What is expected: From the listing below, set down exactly the lines between the one holding "#978 = ORIENTED_EDGE" and the one holding "#1024 = DIRECTION", inclusive. No other line is wanted.

"""

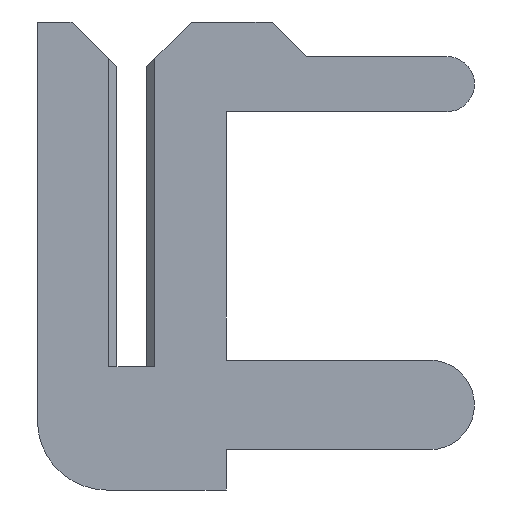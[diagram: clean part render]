
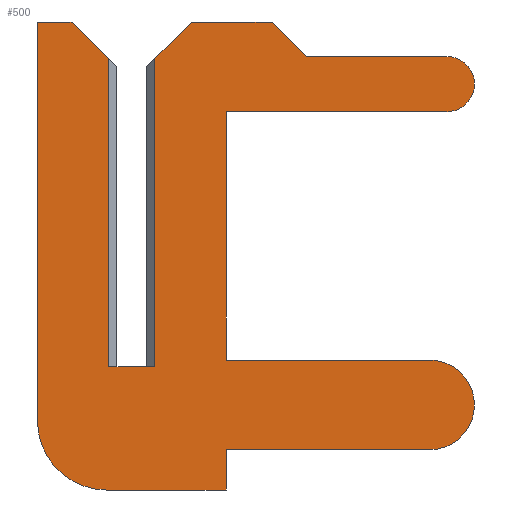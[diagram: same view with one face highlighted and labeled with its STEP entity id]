
A CAD part, left-side view. The second image highlights one B-rep face of the part: STEP entity #500.
In plain terms, the highlighted planar face has unit normal (-1, 0, 0).
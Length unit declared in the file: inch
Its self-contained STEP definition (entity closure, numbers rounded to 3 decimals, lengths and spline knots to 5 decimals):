
#2 = CARTESIAN_POINT ( 'NONE',  ( -0.01, -0.1295, 0.003 ) ) ;
#5 = DIRECTION ( 'NONE',  ( 0., 1., 0. ) ) ;
#13 = CARTESIAN_POINT ( 'NONE',  ( -0.01, -0.026, 0.15 ) ) ;
#14 = ORIENTED_EDGE ( 'NONE', *, *, #397, .F. ) ;
#15 = VECTOR ( 'NONE', #201, 39.37008 ) ;
#25 = CARTESIAN_POINT ( 'NONE',  ( -0.01, 0.011, -0.0235 ) ) ;
#27 = ORIENTED_EDGE ( 'NONE', *, *, #824, .F. ) ;
#33 = CARTESIAN_POINT ( 'NONE',  ( -0.01, -0.041, 0.003 ) ) ;
#41 = VECTOR ( 'NONE', #558, 39.37008 ) ;
#45 = LINE ( 'NONE', #904, #284 ) ;
#58 = VECTOR ( 'NONE', #175, 39.37008 ) ;
#61 = AXIS2_PLACEMENT_3D ( 'NONE', #518, #966, #794 ) ;
#71 = VERTEX_POINT ( 'NONE', #494 ) ;
#88 = EDGE_CURVE ( 'NONE', #873, #655, #565, .T. ) ;
#91 = CARTESIAN_POINT ( 'NONE',  ( -0.01, 0.01, 0. ) ) ;
#93 = DIRECTION ( 'NONE',  ( 0., -1., 0. ) ) ;
#95 = AXIS2_PLACEMENT_3D ( 'NONE', #25, #650, #752 ) ;
#99 = CARTESIAN_POINT ( 'NONE',  ( -0.01, -0.041, 0.111 ) ) ;
#108 = CARTESIAN_POINT ( 'NONE',  ( -0.01, 0.041, 0.15 ) ) ;
#123 = CARTESIAN_POINT ( 'NONE',  ( -0.01, -0.0065, 0.1305 ) ) ;
#124 = EDGE_CURVE ( 'NONE', #957, #71, #1022, .T. ) ;
#128 = LINE ( 'NONE', #108, #41 ) ;
#136 = CARTESIAN_POINT ( 'NONE',  ( -0.01, -0.076, 0.135 ) ) ;
#137 = LINE ( 'NONE', #123, #628 ) ;
#142 = LINE ( 'NONE', #1016, #15 ) ;
#158 = AXIS2_PLACEMENT_3D ( 'NONE', #203, #1024, #195 ) ;
#160 = CARTESIAN_POINT ( 'NONE',  ( -0.01, -0.041, -0.036 ) ) ;
#175 = DIRECTION ( 'NONE',  ( 0., -1., 0. ) ) ;
#191 = CARTESIAN_POINT ( 'NONE',  ( -0.01, -0.137, 0.123 ) ) ;
#193 = ORIENTED_EDGE ( 'NONE', *, *, #597, .F. ) ;
#195 = DIRECTION ( 'NONE',  ( 0., 0., 1. ) ) ;
#201 = DIRECTION ( 'NONE',  ( 0., 1., 0. ) ) ;
#203 = CARTESIAN_POINT ( 'NONE',  ( -0.01, 0.011, -0.0235 ) ) ;
#210 = VERTEX_POINT ( 'NONE', #160 ) ;
#218 = EDGE_CURVE ( 'NONE', #393, #334, #713, .T. ) ;
#219 = ORIENTED_EDGE ( 'NONE', *, *, #437, .F. ) ;
#228 = ORIENTED_EDGE ( 'NONE', *, *, #218, .F. ) ;
#241 = FACE_OUTER_BOUND ( 'NONE', #1004, .T. ) ;
#269 = LINE ( 'NONE', #360, #888 ) ;
#271 = ORIENTED_EDGE ( 'NONE', *, *, #682, .F. ) ;
#276 = CARTESIAN_POINT ( 'NONE',  ( -0.01, 0.026, 0.15 ) ) ;
#279 = DIRECTION ( 'NONE',  ( 0., 0., -1. ) ) ;
#284 = VECTOR ( 'NONE', #893, 39.37008 ) ;
#292 = DIRECTION ( 'NONE',  ( 0., 0., 1. ) ) ;
#299 = CARTESIAN_POINT ( 'NONE',  ( -0.01, -0.1295, -0.036 ) ) ;
#302 = EDGE_CURVE ( 'NONE', #831, #1069, #549, .T. ) ;
#308 = VECTOR ( 'NONE', #996, 39.37008 ) ;
#325 = CARTESIAN_POINT ( 'NONE',  ( -0.01, 0.026, 0.15 ) ) ;
#334 = VERTEX_POINT ( 'NONE', #276 ) ;
#342 = EDGE_CURVE ( 'NONE', #210, #957, #269, .T. ) ;
#345 = DIRECTION ( 'NONE',  ( 0., 1., 0. ) ) ;
#347 = DIRECTION ( 'NONE',  ( 0., 0., -1. ) ) ;
#353 = ORIENTED_EDGE ( 'NONE', *, *, #386, .F. ) ;
#357 = CARTESIAN_POINT ( 'NONE',  ( -0.01, -0.026, 0.15 ) ) ;
#360 = CARTESIAN_POINT ( 'NONE',  ( -0.01, -0.041, -0.0535 ) ) ;
#363 = CARTESIAN_POINT ( 'NONE',  ( -0.01, 0.0065, 0. ) ) ;
#377 = VECTOR ( 'NONE', #93, 39.37008 ) ;
#380 = LINE ( 'NONE', #533, #979 ) ;
#384 = PLANE ( 'NONE',  #158 ) ;
#385 = CARTESIAN_POINT ( 'NONE',  ( -0.01, 0.01, 0.134 ) ) ;
#386 = EDGE_CURVE ( 'NONE', #396, #1111, #801, .T. ) ;
#393 = VERTEX_POINT ( 'NONE', #920 ) ;
#396 = VERTEX_POINT ( 'NONE', #91 ) ;
#397 = EDGE_CURVE ( 'NONE', #1045, #799, #441, .T. ) ;
#405 = VECTOR ( 'NONE', #1157, 39.37008 ) ;
#414 = LINE ( 'NONE', #2, #377 ) ;
#417 = VECTOR ( 'NONE', #345, 39.37008 ) ;
#437 = EDGE_CURVE ( 'NONE', #334, #440, #45, .T. ) ;
#440 = VERTEX_POINT ( 'NONE', #385 ) ;
#441 = LINE ( 'NONE', #620, #308 ) ;
#450 = CARTESIAN_POINT ( 'NONE',  ( -0.01, -0.137, 0.135 ) ) ;
#454 = EDGE_CURVE ( 'NONE', #531, #963, #380, .T. ) ;
#494 = CARTESIAN_POINT ( 'NONE',  ( -0.01, 0.011, -0.0535 ) ) ;
#500 = ADVANCED_FACE ( 'NONE', ( #241 ), #384, .T. ) ;
#501 = VERTEX_POINT ( 'NONE', #739 ) ;
#518 = CARTESIAN_POINT ( 'NONE',  ( -0.01, -0.1295, -0.0165 ) ) ;
#531 = VERTEX_POINT ( 'NONE', #99 ) ;
#533 = CARTESIAN_POINT ( 'NONE',  ( -0.01, -0.041, 0.003 ) ) ;
#546 = LINE ( 'NONE', #734, #560 ) ;
#549 = LINE ( 'NONE', #357, #58 ) ;
#556 = CARTESIAN_POINT ( 'NONE',  ( -0.01, -0.01, 0.134 ) ) ;
#557 = DIRECTION ( 'NONE',  ( 1., 0., 0. ) ) ;
#558 = DIRECTION ( 'NONE',  ( 0., 0., 1. ) ) ;
#560 = VECTOR ( 'NONE', #5, 39.37008 ) ;
#565 = CIRCLE ( 'NONE', #61, 0.0195 ) ;
#571 = EDGE_CURVE ( 'NONE', #889, #1111, #644, .T. ) ;
#584 = EDGE_CURVE ( 'NONE', #501, #531, #142, .T. ) ;
#589 = ORIENTED_EDGE ( 'NONE', *, *, #302, .F. ) ;
#591 = DIRECTION ( 'NONE',  ( 0., -0.707, -0.707 ) ) ;
#597 = EDGE_CURVE ( 'NONE', #799, #501, #671, .T. ) ;
#620 = CARTESIAN_POINT ( 'NONE',  ( -0.01, -0.137, 0.135 ) ) ;
#621 = AXIS2_PLACEMENT_3D ( 'NONE', #191, #557, #292 ) ;
#628 = VECTOR ( 'NONE', #1030, 39.37008 ) ;
#637 = DIRECTION ( 'NONE',  ( 0., 0., -1. ) ) ;
#641 = VECTOR ( 'NONE', #1031, 39.37008 ) ;
#644 = LINE ( 'NONE', #821, #947 ) ;
#650 = DIRECTION ( 'NONE',  ( 1., 0., 0. ) ) ;
#653 = EDGE_CURVE ( 'NONE', #396, #440, #1032, .T. ) ;
#655 = VERTEX_POINT ( 'NONE', #299 ) ;
#671 = CIRCLE ( 'NONE', #621, 0.012 ) ;
#675 = CARTESIAN_POINT ( 'NONE',  ( -0.01, -0.061, 0.15 ) ) ;
#682 = EDGE_CURVE ( 'NONE', #71, #916, #1108, .T. ) ;
#713 = LINE ( 'NONE', #325, #1046 ) ;
#727 = ORIENTED_EDGE ( 'NONE', *, *, #342, .F. ) ;
#734 = CARTESIAN_POINT ( 'NONE',  ( -0.01, -0.041, -0.036 ) ) ;
#738 = CARTESIAN_POINT ( 'NONE',  ( -0.01, -0.1295, 0.003 ) ) ;
#739 = CARTESIAN_POINT ( 'NONE',  ( -0.01, -0.137, 0.111 ) ) ;
#750 = CARTESIAN_POINT ( 'NONE',  ( -0.01, 0.01, -0.0235 ) ) ;
#752 = DIRECTION ( 'NONE',  ( 0., 0., 1. ) ) ;
#788 = ORIENTED_EDGE ( 'NONE', *, *, #807, .F. ) ;
#794 = DIRECTION ( 'NONE',  ( 0., 0., 1. ) ) ;
#799 = VERTEX_POINT ( 'NONE', #450 ) ;
#801 = LINE ( 'NONE', #363, #405 ) ;
#807 = EDGE_CURVE ( 'NONE', #916, #393, #128, .T. ) ;
#813 = VECTOR ( 'NONE', #591, 39.37008 ) ;
#821 = CARTESIAN_POINT ( 'NONE',  ( -0.01, -0.01, 0.15 ) ) ;
#824 = EDGE_CURVE ( 'NONE', #655, #210, #546, .T. ) ;
#831 = VERTEX_POINT ( 'NONE', #13 ) ;
#847 = ORIENTED_EDGE ( 'NONE', *, *, #124, .F. ) ;
#861 = ORIENTED_EDGE ( 'NONE', *, *, #571, .T. ) ;
#863 = ORIENTED_EDGE ( 'NONE', *, *, #970, .F. ) ;
#873 = VERTEX_POINT ( 'NONE', #738 ) ;
#887 = ORIENTED_EDGE ( 'NONE', *, *, #1020, .F. ) ;
#888 = VECTOR ( 'NONE', #347, 39.37008 ) ;
#889 = VERTEX_POINT ( 'NONE', #556 ) ;
#893 = DIRECTION ( 'NONE',  ( 0., -0.707, -0.707 ) ) ;
#904 = CARTESIAN_POINT ( 'NONE',  ( -0.01, 0.0065, 0.1305 ) ) ;
#909 = EDGE_CURVE ( 'NONE', #963, #873, #414, .T. ) ;
#916 = VERTEX_POINT ( 'NONE', #1001 ) ;
#920 = CARTESIAN_POINT ( 'NONE',  ( -0.01, 0.041, 0.15 ) ) ;
#940 = CARTESIAN_POINT ( 'NONE',  ( -0.01, -0.041, -0.0535 ) ) ;
#947 = VECTOR ( 'NONE', #279, 39.37008 ) ;
#949 = ORIENTED_EDGE ( 'NONE', *, *, #88, .F. ) ;
#957 = VERTEX_POINT ( 'NONE', #940 ) ;
#963 = VERTEX_POINT ( 'NONE', #33 ) ;
#966 = DIRECTION ( 'NONE',  ( 1., 0., 0. ) ) ;
#970 = EDGE_CURVE ( 'NONE', #889, #831, #137, .T. ) ;
#978 = ORIENTED_EDGE ( 'NONE', *, *, #584, .F. ) ;
#979 = VECTOR ( 'NONE', #637, 39.37008 ) ;
#996 = DIRECTION ( 'NONE',  ( 0., -1., 0. ) ) ;
#1001 = CARTESIAN_POINT ( 'NONE',  ( -0.01, 0.041, -0.0235 ) ) ;
#1004 = EDGE_LOOP ( 'NONE', ( #863, #861, #353, #1123, #219, #228, #788, #271, #847, #727, #27, #949, #1127, #1060, #978, #193, #14, #887, #589 ) ) ;
#1015 = CARTESIAN_POINT ( 'NONE',  ( -0.01, -0.076, 0.135 ) ) ;
#1016 = CARTESIAN_POINT ( 'NONE',  ( -0.01, -0.041, 0.111 ) ) ;
#1020 = EDGE_CURVE ( 'NONE', #1069, #1045, #1058, .T. ) ;
#1022 = LINE ( 'NONE', #1142, #417 ) ;
#1024 = DIRECTION ( 'NONE',  ( -1., 0., 0. ) ) ;
#1030 = DIRECTION ( 'NONE',  ( 0., -0.707, 0.707 ) ) ;
#1031 = DIRECTION ( 'NONE',  ( 0., 0., 1. ) ) ;
#1032 = LINE ( 'NONE', #750, #641 ) ;
#1045 = VERTEX_POINT ( 'NONE', #136 ) ;
#1046 = VECTOR ( 'NONE', #1066, 39.37008 ) ;
#1050 = CARTESIAN_POINT ( 'NONE',  ( -0.01, -0.01, 0. ) ) ;
#1058 = LINE ( 'NONE', #1015, #813 ) ;
#1060 = ORIENTED_EDGE ( 'NONE', *, *, #454, .F. ) ;
#1066 = DIRECTION ( 'NONE',  ( 0., -1., 0. ) ) ;
#1069 = VERTEX_POINT ( 'NONE', #675 ) ;
#1108 = CIRCLE ( 'NONE', #95, 0.03 ) ;
#1111 = VERTEX_POINT ( 'NONE', #1050 ) ;
#1123 = ORIENTED_EDGE ( 'NONE', *, *, #653, .T. ) ;
#1127 = ORIENTED_EDGE ( 'NONE', *, *, #909, .F. ) ;
#1142 = CARTESIAN_POINT ( 'NONE',  ( -0.01, 0.011, -0.0535 ) ) ;
#1157 = DIRECTION ( 'NONE',  ( 0., -1., 0. ) ) ;

"""

Answer below:
#978 = ORIENTED_EDGE ( 'NONE', *, *, #584, .F. ) ;
#979 = VECTOR ( 'NONE', #637, 39.37008 ) ;
#996 = DIRECTION ( 'NONE',  ( 0., -1., 0. ) ) ;
#1001 = CARTESIAN_POINT ( 'NONE',  ( -0.01, 0.041, -0.0235 ) ) ;
#1004 = EDGE_LOOP ( 'NONE', ( #863, #861, #353, #1123, #219, #228, #788, #271, #847, #727, #27, #949, #1127, #1060, #978, #193, #14, #887, #589 ) ) ;
#1015 = CARTESIAN_POINT ( 'NONE',  ( -0.01, -0.076, 0.135 ) ) ;
#1016 = CARTESIAN_POINT ( 'NONE',  ( -0.01, -0.041, 0.111 ) ) ;
#1020 = EDGE_CURVE ( 'NONE', #1069, #1045, #1058, .T. ) ;
#1022 = LINE ( 'NONE', #1142, #417 ) ;
#1024 = DIRECTION ( 'NONE',  ( -1., 0., 0. ) ) ;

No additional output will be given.